- [Task requirements]: In the records that follow, find each line with the word "dimtmove" and copy it.

Data for the task below:

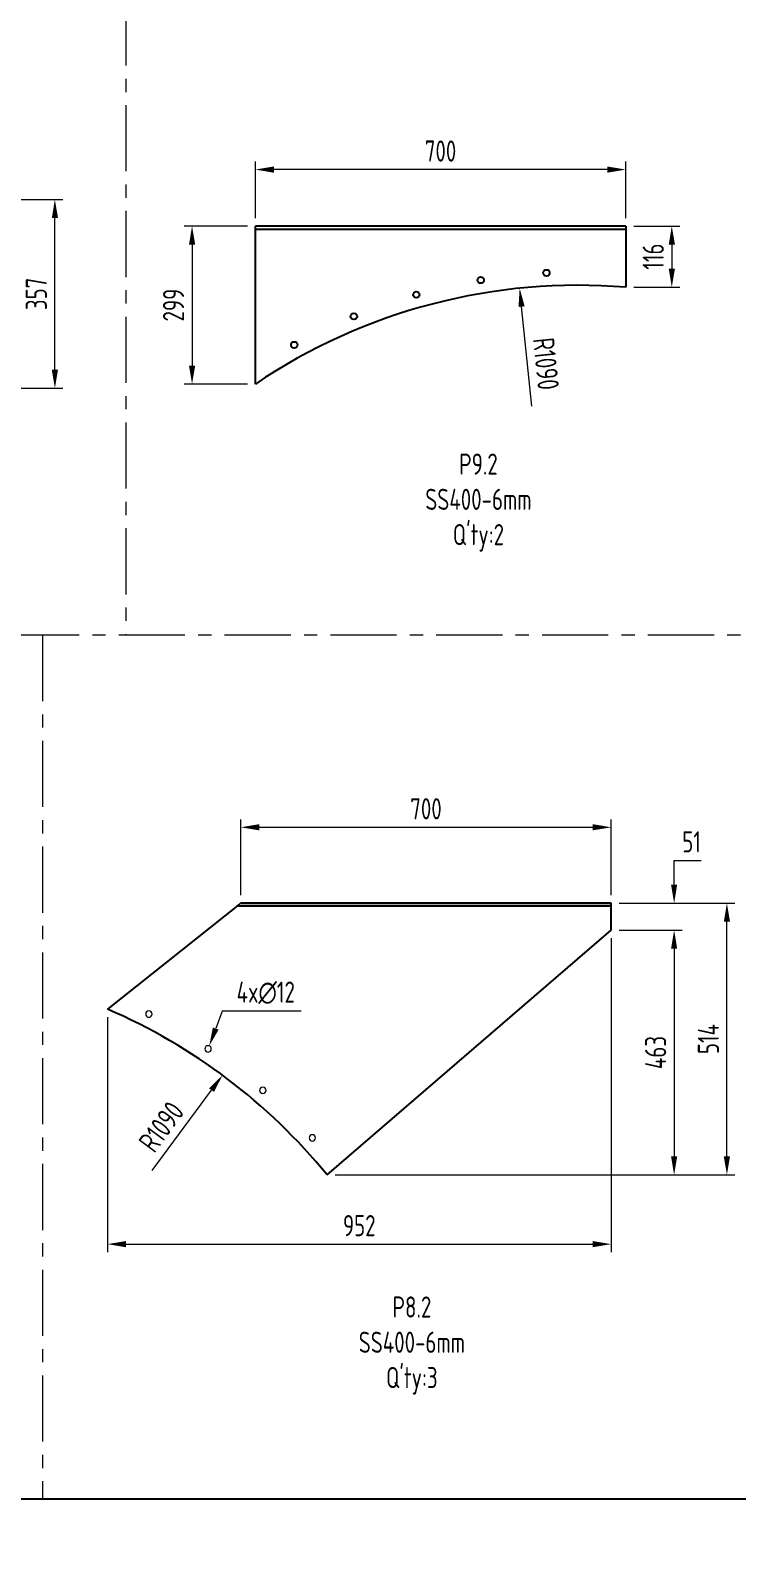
# Model space of a CAD drawing. Header units: millimetres. Extents: x -46397 to 283259, y -8690 to 23983.
# Drawn here: x 90249 to 91584, y -1792 to 1061 of the extents above; entities that cross this region are included whole.
import ezdxf

# ---------------------------------------------------------------- set-up
doc = ezdxf.new("R2010")
doc.units = ezdxf.units.MM
doc.linetypes.add('CENTER', pattern=[2, 1.25, -0.25, 0.25, -0.25])
doc.layers.get('Defpoints').update_dxf_attribs({"lineweight": 0})
for name, color, linetype, lineweight in [('Dtext', 255, 'Continuous', 20), ('DUONGCHINH', 7, 'Continuous', 25), ('PHANTOM 2', 8, 'Continuous', 0), ('ĐƯỜNG TÂM', 8, 'CENTER', 5)]:
    doc.layers.add(name, color=color, linetype=linetype, lineweight=lineweight)
doc.styles.add('Chu va so', font='arial.ttf')
doc.styles.add('GHI CHÚ 1', font='isocp_IV25.ttf', dxfattribs={"width": 0.8})
doc.styles.get("Standard").update_dxf_attribs({"font": 'isocp.shx', "width": 0.8})
doc.styles.add('TCVN', font='arial.ttf')
doc.dimstyles.new('1-30SCALE', dxfattribs={"dimtxt": 75, "dimasz": 75, "dimexe": 37.5, "dimexo": 30, "dimgap": 30, "dimtad": 1, "dimtoh": 1, "dimdec": 0, "dimdsep": 46, "dimtxsty": 'GHI CHÚ 1', "dimcen": 0.09, "dimclrd": 256, "dimclre": 256, "dimclrt": 2, "dimadec": 0, "dimazin": 0, "dimtfac": 1, "dimtdec": 0, "dimtofl": 0, "dimtmove": 0, "dimatfit": 3, "dimfxl": 1, "dimlwd": 0, "dimlwe": 0, "dimarcsym": 0})
doc.dimstyles.new('1-30SCALE$4', dxfattribs={"dimtxt": 75, "dimasz": 75, "dimexe": 37.5, "dimexo": 30, "dimgap": 30, "dimtad": 1, "dimtoh": 1, "dimdec": 0, "dimdsep": 46, "dimtxsty": 'GHI CHÚ 1', "dimcen": 0.09, "dimclrd": 256, "dimclre": 256, "dimclrt": 2, "dimadec": 0, "dimazin": 0, "dimtfac": 1, "dimtdec": 0, "dimtofl": 0, "dimtmove": 0, "dimatfit": 3, "dimfxl": 1, "dimlwd": 0, "dimlwe": 0, "dimarcsym": 0})

# ---------------------------------------------------------------- blocks, each defined once
blk = doc.blocks.new('*D322')
at = {"layer": 'Defpoints', "color": 0, "transparency": 16777216}
for p in [(90183.4, 740.6), (90295.2, 740.6), (89483.3, 383.8)]:
    blk.add_point(p, dxfattribs=at)
at = {"layer": 'PHANTOM 2', "linetype": 'Continuous', "lineweight": 0, "transparency": 16777216}
for p, q in [((90198.4, 740.6), (90310.2, 740.6)), ((90295.2, 418.8), (90295.2, 705.6)), ((89498.3, 383.8), (90310.2, 383.8))]:
    blk.add_line(p, q, dxfattribs=at)
at = {"layer": 'PHANTOM 2', "transparency": 16777216}
for points in [[(90289.4, 705.6), (90301.1, 705.6), (90295.2, 740.6)], [(90289.4, 418.8), (90301.1, 418.8), (90295.2, 383.8)]]:
    blk.add_solid(points, dxfattribs=at)
at = {"layer": 'PHANTOM 2', "color": 2, "transparency": 16777216, "insert": (90260.2, 562.2), "char_height": 40, "attachment_point": 5, "rotation": 90, "style": 'GHI CHÚ 1'}
blk.add_mtext('357', dxfattribs=at)
blk = doc.blocks.new('*D325')
at = {"layer": 'Defpoints', "color": 0, "transparency": 16777216}
for p in [(90674.1, 797.3), (90674.1, 690.5, -1.5), (91374.2, 690.5, -1.5)]:
    blk.add_point(p, dxfattribs=at)
at = {"layer": 'PHANTOM 2', "linetype": 'Continuous', "lineweight": 0, "transparency": 16777216}
for p, q in [((90674.1, 705.5), (90674.1, 812.3)), ((91374.2, 705.5), (91374.2, 812.3)), ((91339.2, 797.3), (90709.1, 797.3))]:
    blk.add_line(p, q, dxfattribs=at)
at = {"layer": 'PHANTOM 2', "transparency": 16777216}
for points in [[(90709.1, 803.1), (90709.1, 791.4), (90674.1, 797.3)], [(91339.2, 803.1), (91339.2, 791.4), (91374.2, 797.3)]]:
    blk.add_solid(points, dxfattribs=at)
at = {"layer": 'PHANTOM 2', "color": 2, "transparency": 16777216, "insert": (91024.1, 832.3), "char_height": 40, "attachment_point": 5, "style": 'GHI CHÚ 1'}
blk.add_mtext('700', dxfattribs=at)
blk = doc.blocks.new('*D326')
at = {"layer": 'Defpoints', "color": 0, "transparency": 16777216}
for p in [(90674.1, 690.5, -1.5), (90554.5, 391.8), (90674.1, 391.8, -1.5)]:
    blk.add_point(p, dxfattribs=at)
at = {"layer": 'PHANTOM 2', "linetype": 'Continuous', "lineweight": 0, "transparency": 16777216}
for p, q in [((90659.1, 690.5), (90539.5, 690.5)), ((90554.5, 655.5), (90554.5, 426.8)), ((90659.1, 391.8), (90539.5, 391.8))]:
    blk.add_line(p, q, dxfattribs=at)
at = {"layer": 'PHANTOM 2', "transparency": 16777216}
for points in [[(90548.7, 655.5), (90560.4, 655.5), (90554.5, 690.5)], [(90548.7, 426.8), (90560.4, 426.8), (90554.5, 391.8)]]:
    blk.add_solid(points, dxfattribs=at)
at = {"layer": 'PHANTOM 2', "color": 2, "transparency": 16777216, "insert": (90519.5, 541.1), "char_height": 40, "attachment_point": 5, "rotation": 90, "style": 'GHI CHÚ 1'}
blk.add_mtext('299', dxfattribs=at)
blk = doc.blocks.new('*D327')
at = {"layer": 'Defpoints', "color": 0, "transparency": 16777216}
for p in [(91374.2, 690.5, -1.5), (91374.2, 574.8, -1.5), (91461.2, 574.8)]:
    blk.add_point(p, dxfattribs=at)
at = {"layer": 'PHANTOM 2', "linetype": 'Continuous', "lineweight": 0, "transparency": 16777216}
for p, q in [((91389.2, 690.5), (91476.2, 690.5)), ((91461.2, 655.5), (91461.2, 609.8)), ((91389.2, 574.8), (91476.2, 574.8))]:
    blk.add_line(p, q, dxfattribs=at)
at = {"layer": 'PHANTOM 2', "transparency": 16777216}
for points in [[(91455.4, 655.5), (91467.1, 655.5), (91461.2, 690.5)], [(91455.4, 609.8), (91467.1, 609.8), (91461.2, 574.8)]]:
    blk.add_solid(points, dxfattribs=at)
at = {"layer": 'PHANTOM 2', "color": 2, "transparency": 16777216, "insert": (91426.2, 632.7), "char_height": 40, "attachment_point": 5, "rotation": 90, "style": 'GHI CHÚ 1'}
blk.add_mtext('116', dxfattribs=at)
blk = doc.blocks.new('*D328')
at = {"layer": 'Defpoints', "color": 0, "transparency": 16777216}
for p in [(91173.7, 572.9, -1.5), (91284.2, -511.5, -1.5)]:
    blk.add_point(p, dxfattribs=at)
at = {"layer": 'PHANTOM 2', "linetype": 'Continuous', "lineweight": 0, "transparency": 16777216}
blk.add_line((91196.4, 349.9), (91177.3, 538.1), dxfattribs=at)
at = {"layer": 'PHANTOM 2', "transparency": 16777216}
blk.add_solid([(91183.1, 538.7), (91171.5, 537.5), (91173.7, 572.9)], dxfattribs=at)
at = {"layer": 'PHANTOM 2', "color": 2, "transparency": 16777216, "insert": (91223.5, 430.1), "char_height": 40, "attachment_point": 5, "rotation": 275.8167, "style": 'GHI CHÚ 1'}
blk.add_mtext('R1090', dxfattribs=at)
blk = doc.blocks.new('*D1539')
at = {"layer": 'Defpoints', "color": 0, "transparency": 16777216}
for p in [(92031.9, -901.3, -1.5), (91295.9, -1705.2, -1.5)]:
    blk.add_point(p, dxfattribs=at)
at = {"layer": 'PHANTOM 2', "linetype": 'Continuous', "lineweight": 0, "transparency": 16777216}
blk.add_line((91880.5, -1066.6), (92008.3, -927.1), dxfattribs=at)
at = {"layer": 'PHANTOM 2', "transparency": 16777216}
blk.add_solid([(92004, -923.2), (92012.6, -931.1), (92031.9, -901.3)], dxfattribs=at)
at = {"layer": 'PHANTOM 2', "color": 2, "transparency": 16777216, "insert": (91906.8, -986.2), "char_height": 40, "attachment_point": 5, "rotation": 47.5245, "style": 'GHI CHÚ 1'}
blk.add_mtext('R1090', dxfattribs=at)
blk = doc.blocks.new('*D1547')
at = {"layer": 'Defpoints', "color": 0, "transparency": 16777216}
for p in [(91346.6, -446.4), (90646.6, -589.9, -1.5), (91346.6, -589.9, -1.5)]:
    blk.add_point(p, dxfattribs=at)
at = {"layer": 'PHANTOM 2', "linetype": 'Continuous', "lineweight": 0, "transparency": 16777216}
for p, q in [((90646.6, -574.9), (90646.6, -431.4)), ((90681.6, -446.4), (91311.6, -446.4)), ((91346.6, -574.9), (91346.6, -431.4))]:
    blk.add_line(p, q, dxfattribs=at)
at = {"layer": 'PHANTOM 2', "transparency": 16777216}
for points in [[(90681.6, -440.5), (90681.6, -452.2), (90646.6, -446.4)], [(91311.6, -440.5), (91311.6, -452.2), (91346.6, -446.4)]]:
    blk.add_solid(points, dxfattribs=at)
at = {"layer": 'PHANTOM 2', "color": 2, "transparency": 16777216, "insert": (90996.6, -411.4), "char_height": 40, "attachment_point": 5, "rotation": 359.9998, "style": 'GHI CHÚ 1'}
blk.add_mtext('700', dxfattribs=at)
blk = doc.blocks.new('*D1548')
at = {"layer": 'Defpoints', "color": 0, "transparency": 16777216}
for p in [(91346.6, -589.9, -1.5), (91346.6, -640.9, -1.5), (91465.6, -640.9)]:
    blk.add_point(p, dxfattribs=at)
at = {"layer": 'PHANTOM 2', "linetype": 'Continuous', "lineweight": 0, "transparency": 16777216}
for p, q in [((91465.6, -554.9), (91465.6, -508.9)), ((91465.6, -508.9), (91516.6, -508.9)), ((91361.6, -589.9), (91480.6, -589.9)), ((91361.6, -640.9), (91480.6, -640.9)), ((91465.6, -675.9), (91465.6, -710.9))]:
    blk.add_line(p, q, dxfattribs=at)
at = {"layer": 'PHANTOM 2', "transparency": 16777216}
for points in [[(91459.8, -554.9), (91471.4, -554.9), (91465.6, -589.9)], [(91459.8, -675.9), (91471.4, -675.9), (91465.6, -640.9)]]:
    blk.add_solid(points, dxfattribs=at)
at = {"layer": 'PHANTOM 2', "color": 2, "transparency": 16777216, "insert": (91498.6, -473.9), "char_height": 40, "attachment_point": 5, "style": 'GHI CHÚ 1'}
blk.add_mtext('51', dxfattribs=at)
blk = doc.blocks.new('*D1549')
at = {"layer": 'Defpoints', "color": 0, "transparency": 16777216}
for p in [(91346.6, -640.9, -1.5), (90809.7, -1103.8, -1.5), (91465.6, -1103.8)]:
    blk.add_point(p, dxfattribs=at)
at = {"layer": 'PHANTOM 2', "linetype": 'Continuous', "lineweight": 0, "transparency": 16777216}
for p, q in [((91361.6, -640.9), (91480.6, -640.9)), ((91465.6, -675.9), (91465.6, -1068.8)), ((90824.7, -1103.8), (91480.6, -1103.8))]:
    blk.add_line(p, q, dxfattribs=at)
at = {"layer": 'PHANTOM 2', "transparency": 16777216}
for points in [[(91459.8, -675.9), (91471.4, -675.9), (91465.6, -640.9)], [(91459.8, -1068.8), (91471.4, -1068.8), (91465.6, -1103.8)]]:
    blk.add_solid(points, dxfattribs=at)
at = {"layer": 'PHANTOM 2', "color": 2, "transparency": 16777216, "insert": (91430.6, -872.3), "char_height": 40, "attachment_point": 5, "rotation": 90, "style": 'GHI CHÚ 1'}
blk.add_mtext('463', dxfattribs=at)
blk = doc.blocks.new('*D1550')
at = {"layer": 'Defpoints', "color": 0, "transparency": 16777216}
for p in [(90612.1, -915.2, -1.5), (89964.3, -1791.9, -1.5)]:
    blk.add_point(p, dxfattribs=at)
at = {"layer": 'PHANTOM 2', "linetype": 'Continuous', "lineweight": 0, "transparency": 16777216}
blk.add_line((90478.9, -1095.5), (90591.3, -943.4), dxfattribs=at)
at = {"layer": 'PHANTOM 2', "transparency": 16777216}
blk.add_solid([(90586.6, -939.9), (90596, -946.8), (90612.1, -915.2)], dxfattribs=at)
at = {"layer": 'PHANTOM 2', "color": 2, "transparency": 16777216, "insert": (90496.5, -1012.7), "char_height": 40, "attachment_point": 5, "rotation": 53.5379, "style": 'GHI CHÚ 1'}
blk.add_mtext('R1090', dxfattribs=at)
blk = doc.blocks.new('*D1551')
at = {"layer": 'Defpoints', "color": 0, "transparency": 16777216}
for p in [(91346.6, -640.9, -1.5), (90394.5, -790.4, -1.5), (91346.6, -1234.6)]:
    blk.add_point(p, dxfattribs=at)
at = {"layer": 'PHANTOM 2', "linetype": 'Continuous', "lineweight": 0, "transparency": 16777216}
for p, q in [((91346.6, -655.9), (91346.6, -1249.6)), ((90394.5, -805.4), (90394.5, -1249.6)), ((90429.5, -1234.6), (91311.6, -1234.6))]:
    blk.add_line(p, q, dxfattribs=at)
at = {"layer": 'PHANTOM 2', "transparency": 16777216}
for points in [[(90429.5, -1228.8), (90429.5, -1240.5), (90394.5, -1234.6)], [(91311.6, -1228.8), (91311.6, -1240.5), (91346.6, -1234.6)]]:
    blk.add_solid(points, dxfattribs=at)
at = {"layer": 'PHANTOM 2', "color": 2, "transparency": 16777216, "insert": (90870.5, -1199.6), "char_height": 40, "attachment_point": 5, "style": 'GHI CHÚ 1'}
blk.add_mtext('952', dxfattribs=at)
blk = doc.blocks.new('*D1558')
at = {"layer": 'Defpoints', "color": 0, "transparency": 16777216}
for p in [(90582.7, -871.1, -1.5), (90586.9, -859.8, -1.5)]:
    blk.add_point(p, dxfattribs=at)
at = {"layer": 'PHANTOM 2', "linetype": 'Continuous', "lineweight": 0, "transparency": 16777216}
for p, q in [((90611.6, -794.3), (90599.2, -827.1)), ((90761, -794.3), (90611.6, -794.3))]:
    blk.add_line(p, q, dxfattribs=at)
at = {"layer": 'PHANTOM 2', "lineweight": 0, "transparency": 16777216}
for p, q in [((90584.7, -865.5), (90584.9, -865.5)), ((90584.8, -865.5), (90584.8, -865.4))]:
    blk.add_line(p, q, dxfattribs=at)
at = {"layer": 'PHANTOM 2', "transparency": 16777216}
blk.add_solid([(90593.8, -825), (90604.7, -829.1), (90586.9, -859.8)], dxfattribs=at)
at = {"layer": 'PHANTOM 2', "color": 2, "transparency": 16777216, "insert": (90693.8, -759.3), "char_height": 40, "attachment_point": 5, "style": 'GHI CHÚ 1'}
blk.add_mtext('4x∅12', dxfattribs=at)
blk = doc.blocks.new('*D1559')
at = {"layer": 'Defpoints', "color": 0, "transparency": 16777216}
for p in [(91346.6, -589.9, -1.5), (91565.4, -589.9), (90809.7, -1103.8, -1.5)]:
    blk.add_point(p, dxfattribs=at)
at = {"layer": 'PHANTOM 2', "linetype": 'Continuous', "lineweight": 0, "transparency": 16777216}
for p, q in [((91361.6, -589.9), (91580.4, -589.9)), ((91565.4, -1068.8), (91565.4, -624.9)), ((90824.7, -1103.8), (91580.4, -1103.8))]:
    blk.add_line(p, q, dxfattribs=at)
at = {"layer": 'PHANTOM 2', "transparency": 16777216}
for points in [[(91559.5, -624.9), (91571.2, -624.9), (91565.4, -589.9)], [(91559.5, -1068.8), (91571.2, -1068.8), (91565.4, -1103.8)]]:
    blk.add_solid(points, dxfattribs=at)
at = {"layer": 'PHANTOM 2', "color": 2, "transparency": 16777216, "insert": (91530.4, -846.8), "char_height": 40, "attachment_point": 5, "rotation": 90, "style": 'GHI CHÚ 1'}
blk.add_mtext('514', dxfattribs=at)
blk = doc.blocks.new('*U1819')
at = {"lineweight": 25}
for points in [[(0, 0), (7496.9, 0), (7496.9, 4910.9), (0, 4910.9)], [(0, 0), (5668.4, 0), (5668.4, 4910.9), (0, 4910.9)]]:
    blk.add_lwpolyline(points, close=True, dxfattribs=at)
at = {"layer": 'Dtext', "ltscale": 0.1}
for tag, p, height, style in [('REV_3', (5716.7, 1844.5), 32.7, 'TCVN'), ('FOR_APPROVAL3', (6043.3, 1842.2, -0.3), 39.2, 'TCVN'), ('FOR_APPROVAL2', (6043.3, 1720.3, -0.3), 39.2, 'TCVN'), ('REV_2', (5716.7, 1722.6), 32.7, 'TCVN'), ('REV_1', (5716.7, 1600.7), 32.7, 'TCVN'), ('FOR_APPROVAL1', (6043.3, 1598.4, -0.3), 39.2, 'TCVN'), ('REV_0', (5716.7, 1478.8), 32.7, 'TCVN'), ('NGUOI_VE', (6391.2, 1477.1, -0.3), 39.2, 'TCVN'), ('NGUOI_KIEM_2', (6737.4, 1477.1, -0.3), 39.2, 'TCVN'), ('NGUOI_DUYET', (7155.7, 1477.1, -0.3), 39.2, 'TCVN'), ('1.1_A4', (7176.7, 74.4, -0.3), 39.2, 'Chu va so'), ('A4_A4', (7307, 74.4, -0.3), 39.2, 'Chu va so'), ('REV.', (7414.4, 74.4, -0.3), 39.2, 'Chu va so')]:
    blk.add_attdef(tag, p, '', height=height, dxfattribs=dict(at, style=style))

End of Data for the task.

- [Result]:
doc.dimstyles.new('1-30SCALE', dxfattribs={"dimtxt": 75, "dimasz": 75, "dimexe": 37.5, "dimexo": 30, "dimgap": 30, "dimtad": 1, "dimtoh": 1, "dimdec": 0, "dimdsep": 46, "dimtxsty": 'GHI CHÚ 1', "dimcen": 0.09, "dimclrd": 256, "dimclre": 256, "dimclrt": 2, "dimadec": 0, "dimazin": 0, "dimtfac": 1, "dimtdec": 0, "dimtofl": 0, "dimtmove": 0, "dimatfit": 3, "dimfxl": 1, "dimlwd": 0, "dimlwe": 0, "dimarcsym": 0})
doc.dimstyles.new('1-30SCALE$4', dxfattribs={"dimtxt": 75, "dimasz": 75, "dimexe": 37.5, "dimexo": 30, "dimgap": 30, "dimtad": 1, "dimtoh": 1, "dimdec": 0, "dimdsep": 46, "dimtxsty": 'GHI CHÚ 1', "dimcen": 0.09, "dimclrd": 256, "dimclre": 256, "dimclrt": 2, "dimadec": 0, "dimazin": 0, "dimtfac": 1, "dimtdec": 0, "dimtofl": 0, "dimtmove": 0, "dimatfit": 3, "dimfxl": 1, "dimlwd": 0, "dimlwe": 0, "dimarcsym": 0})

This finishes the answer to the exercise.